Let's Play Buzzword Bingo
Every industry has its own vocabulary and script. In medicine, especially in dermatology training, the fundamentals start with vocabulary. Morphology, pathology, and physical exam findings all have unique descriptions and words that take practice to apply, and even longer to understand. But in essence, it is how we communicate, and our jargon sets us apart from other clinicians and allows us to stay one step ahead of pharmacists, insurance people, and patients.
Obviously, we communicate differently with colleagues than with “customers,” as patients now want to be thought of. We all use buzzwords to make explanations simpler or to get certain points across for discussing diseases and treatments: “pre-cancerous” for AKs, “change the architecture of the skin” for using retinoids, “modifying the process” and “turning off the faucet instead of mopping up the mess” for explaining biologics over steroids are a few of my favorite, and probably way overused, buzzwords.
Corporate speak is another matter altogether, especially in sales. If you are involved with pharma at all, you hear it all the time…and it can absolutely make you bananas the more you listen to the scripts. Moreover, as big pharma permeates dermatology while derm-only pharma nears extinction, and familiar faces are either retiring or being replaced with big pharma transplants, the echoes of corporate speak are getting louder. Phrases and words like “feedback,” “unmet need,” “put a pin in it for now,” “align on it,” and “30,000-foot view” now permeate the derm airwaves.

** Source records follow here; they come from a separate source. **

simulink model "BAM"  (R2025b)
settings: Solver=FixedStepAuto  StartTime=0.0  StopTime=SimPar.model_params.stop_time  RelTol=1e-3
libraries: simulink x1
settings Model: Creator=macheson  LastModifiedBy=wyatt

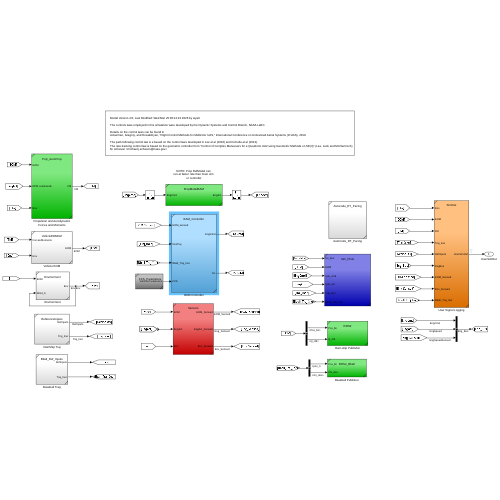
[thumbnail: Simulink's stored preview of the top-level diagram]
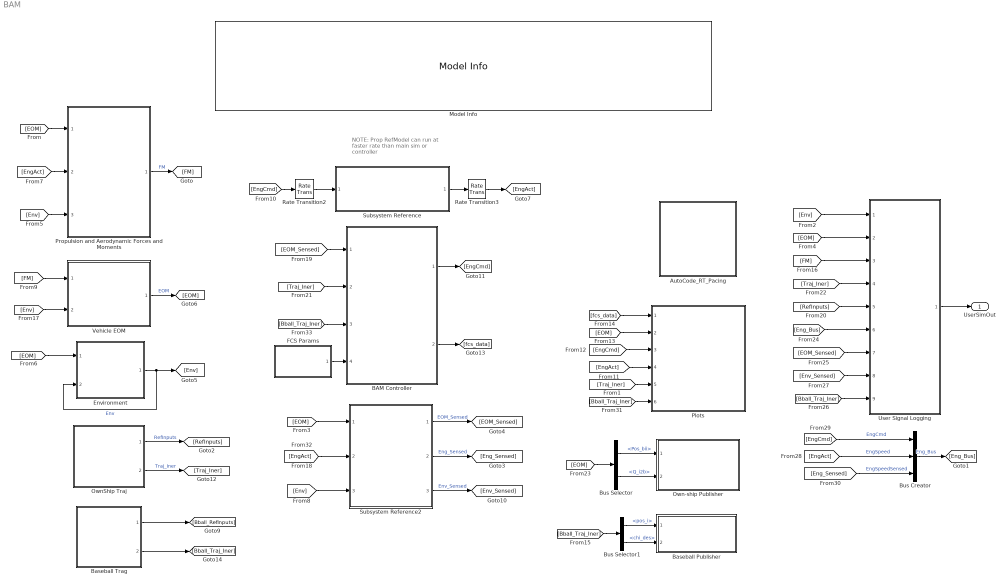
== system BAM ==
  note: NOTE: Prop RefModel can
      | run at faster rate than main sim
      | or controller
  AutoCode_RT_Pacing : Subsystem  ReferencedSubsystem=Autocode_RT_Pacing
  BAM Controller : Subsystem  ReferencedSubsystem=BAM_Controller
  Baseball Publisher : Subsystem  ReferencedSubsystem=ROS2_Bball
  Baseball Trag : Subsystem  ReferencedSubsystem=Bball_Ref_Inputs
  Bus Creator : BusCreator  Inputs=3  OutDataTypeStr=Bus: BUS_PROP_CMD
  Bus Selector : BusSelector  OutputSignals=InertialData.Pos_bii,InertialData.Q_i2b
  Bus Selector1 : BusSelector  OutputSignals=pos_i,chi_des
  Environment : Subsystem  ReferencedSubsystem=Environment
  FCS Params : Subsystem  ReferencedSubsystem=FCS_Parameters
  Model Info : simulink/Model-Wide Utilities/Model Info  Frame=on  DisplayStringWithTags=|  HorizontalTextAlignment=Left  LeftAlignmentValue=0.02
      | Model Version %<ModelVersion>; Last Modified: %<LastModificationDate> by %<LastModifiedBy>
      | 
      | The controls laws employed in this simulation were developed by the Dynamic Systems and Control Branch, NASA LaRC.
      | 
      | Details on the control laws can be found in
      | Ackerman, Gregory, and Hovakimyan, "Flight Control Methods for Multirotor UAS," International Conference on Unmanned Aerial Systems (ICUAS), 2019.
      | 
      | The path-following control law is a based on the control laws developed in Lee et al (2010) and Cichella et al (2013). 
      | The rate-tracking control law is based on the geometric controller from "Control of Complex Maneuvers for a Quadrotor UAV using Geometric Methods on SE(3)" (Lee, Leok and McClamroch)
      | M. Acheson <michael.j.acheson@nasa.gov>
  Own-ship Publisher : Subsystem  ReferencedSubsystem=ROS2
  OwnShip Traj : Subsystem  ReferencedSubsystem=ReferenceInputs
  Plots : Subsystem  ReferencedSubsystem=Sim_Plots
  Propulsion and Aerodynamic Forces and Moments : Subsystem  ReferencedSubsystem=Poly_AeroProp
  Rate Transition2 : RateTransition  OutPortSampleTime=SimIn.model_params.sim_rate
  Rate Transition3 : RateTransition  OutPortSampleTime=SimIn.model_params.sim_rate
  Subsystem Reference : Subsystem  ReferencedSubsystem=PropModelBAM
  Subsystem Reference2 : Subsystem  ReferencedSubsystem=Sensors
  User Signal Logging : Subsystem  ReferencedSubsystem=SimOut
  Vehicle EOM : Subsystem  ReferencedSubsystem=VehicleEOMRef
  UserSimOut : Outport
  wires:
  Vehicle EOM/1 -> [EOM]  "EOM"
  [FM] -> Vehicle EOM/1
  [Env] -> Vehicle EOM/2
  [EOM] -> Propulsion and Aerodynamic Forces and Moments/1
  OwnShip Traj/1 -> [RefInputs]  "RefInputs"
  Propulsion and Aerodynamic Forces and Moments/1 -> [FM]  "FM"
  [EOM] -> Subsystem Reference2/1
  Environment/1 -> Environment/2, [Env]  "Env"
  [EOM] -> Environment/1
  Subsystem Reference/1 -> Rate Transition3/1
  [EngCmd] -> Rate Transition2/1
  [EngAct] -> Plots/4
  [EngCmd] -> Plots/3
  [EOM] -> Plots/2
  [fcs_data] -> Plots/1
  [EngAct] -> Propulsion and Aerodynamic Forces and Moments/2
  Rate Transition2/1 -> Subsystem Reference/1
  Rate Transition3/1 -> [EngAct]
  Subsystem Reference2/2 -> [Eng_Sensed]  "Eng_Sensed"
  Subsystem Reference2/3 -> [Env_Sensed]  "Env_Sensed"
  [Env] -> Subsystem Reference2/3
  [EngAct] -> Subsystem Reference2/2
  Subsystem Reference2/1 -> [EOM_Sensed]  "EOM_Sensed"
  FCS Params/1 -> BAM Controller/4
  [EOM_Sensed] -> BAM Controller/1
  [Traj_Iner] -> BAM Controller/2
  BAM Controller/1 -> [EngCmd]
  OwnShip Traj/2 -> [Traj_Iner]  "Traj_Iner"
  BAM Controller/2 -> [fcs_data]
  [Env] -> User Signal Logging/1
  [EOM] -> User Signal Logging/2
  [Env_Sensed] -> User Signal Logging/8
  [EOM_Sensed] -> User Signal Logging/7
  [Eng_Bus] -> User Signal Logging/6
  [Traj_Iner] -> User Signal Logging/4
  [RefInputs] -> User Signal Logging/5
  [FM] -> User Signal Logging/3
  Bus Creator/1 -> [Eng_Bus]  "Eng_Bus"
  [Eng_Sensed] -> Bus Creator/3  "EngSpeedSensed"
  [EngAct] -> Bus Creator/2  "EngSpeed"
  [EngCmd] -> Bus Creator/1  "EngCmd"
  [EOM] -> Bus Selector/1
  Bus Selector/1 -> Own-ship Publisher/1  "<Pos_bii>"
  Bus Selector/2 -> Own-ship Publisher/2  "<Q_i2b>"
  User Signal Logging/1 -> UserSimOut/1
  [Traj_Iner] -> Plots/5
  Baseball Trag/1 -> [Bball_RefInputs]
  Baseball Trag/2 -> [Bball_Traj_Iner]
  [Bball_Traj_Iner] -> Plots/6
  [Bball_Traj_Iner] -> User Signal Logging/9
  [Bball_Traj_Iner] -> Bus Selector1/1
  Bus Selector1/1 -> Baseball Publisher/1  "<pos_i>"
  Bus Selector1/2 -> Baseball Publisher/2  "<chi_des>"
  [Env] -> Propulsion and Aerodynamic Forces and Moments/3
  [Bball_Traj_Iner] -> BAM Controller/3

These scripts often become routine, just as in medicine. But doctors hate these scripts because they are often interpreted as dismissive, inexperienced, or detached, mainly because the relationships are transient compared to the ones we develop with patients and colleagues. When was the last time you replied to a patient “You waited five minutes and you’re upset? That’s great feedback!” or “Let’s put a pin in that Merkel Cell Carcinoma diagnosis until your next visit.”
My favorite buzzword over the last 20 years has been “feedback” because it is the easiest cop-out word for any uncomfortable or challenging conversation. To me, feedback is something you are asked for when someone presents something for review, whereas advice is something solicited when there is no concrete answer. If I ask you if you like this editorial and you say it stinks, I would say thanks for the feedback. But if you came to me on your own and said “Neal, don’t quit your day job,” I would say thanks for the advice.
I recently participated in an advisory board and one of the newbies to derm came up politely and said, “Thanks for the feedback.” So I thought about it for a minute as we were at an “advisory board” not a “feedback board,” and my reply was, “Feedback is something you give when you are presented with something to reply to, this was a meeting about advice for marketing a product to your new customer base.” Holy moly, you should have seen the deer in the headlights look on that one!
Needless to say, in that encounter I took away the script and made it real, but in many cases in the corporate world, especially in pharma, everyone already knows what they can or cannot do, given the “30,000-foot view.” Many conversations with the new derm pharma (and I call it new because we are losing touch with traditional derm pharma that was part of the family), often end in futility because the corporate base doesn’t understand dermatology and how we think and operate. However, when an advisor actually gives suggestions on how to make things better, and the only reply is, “That’s great feedback!” or “Thanks for the feedback!” it really just means, “I could not care less. I already have a plan so save your breath and stay tuned.”
So in the spirit of the old Bob Newhart Show, which inspired a drinking game where everyone had to drink when they heard “Bob,” there should be some kind of tally of how often the word “feedback” comes up in a sentence, how many meanings it has, what context it comes from, and how many times the same source says it. So I offer some simple advice—not feedback! Just be genuine, shred the script, and be yourself.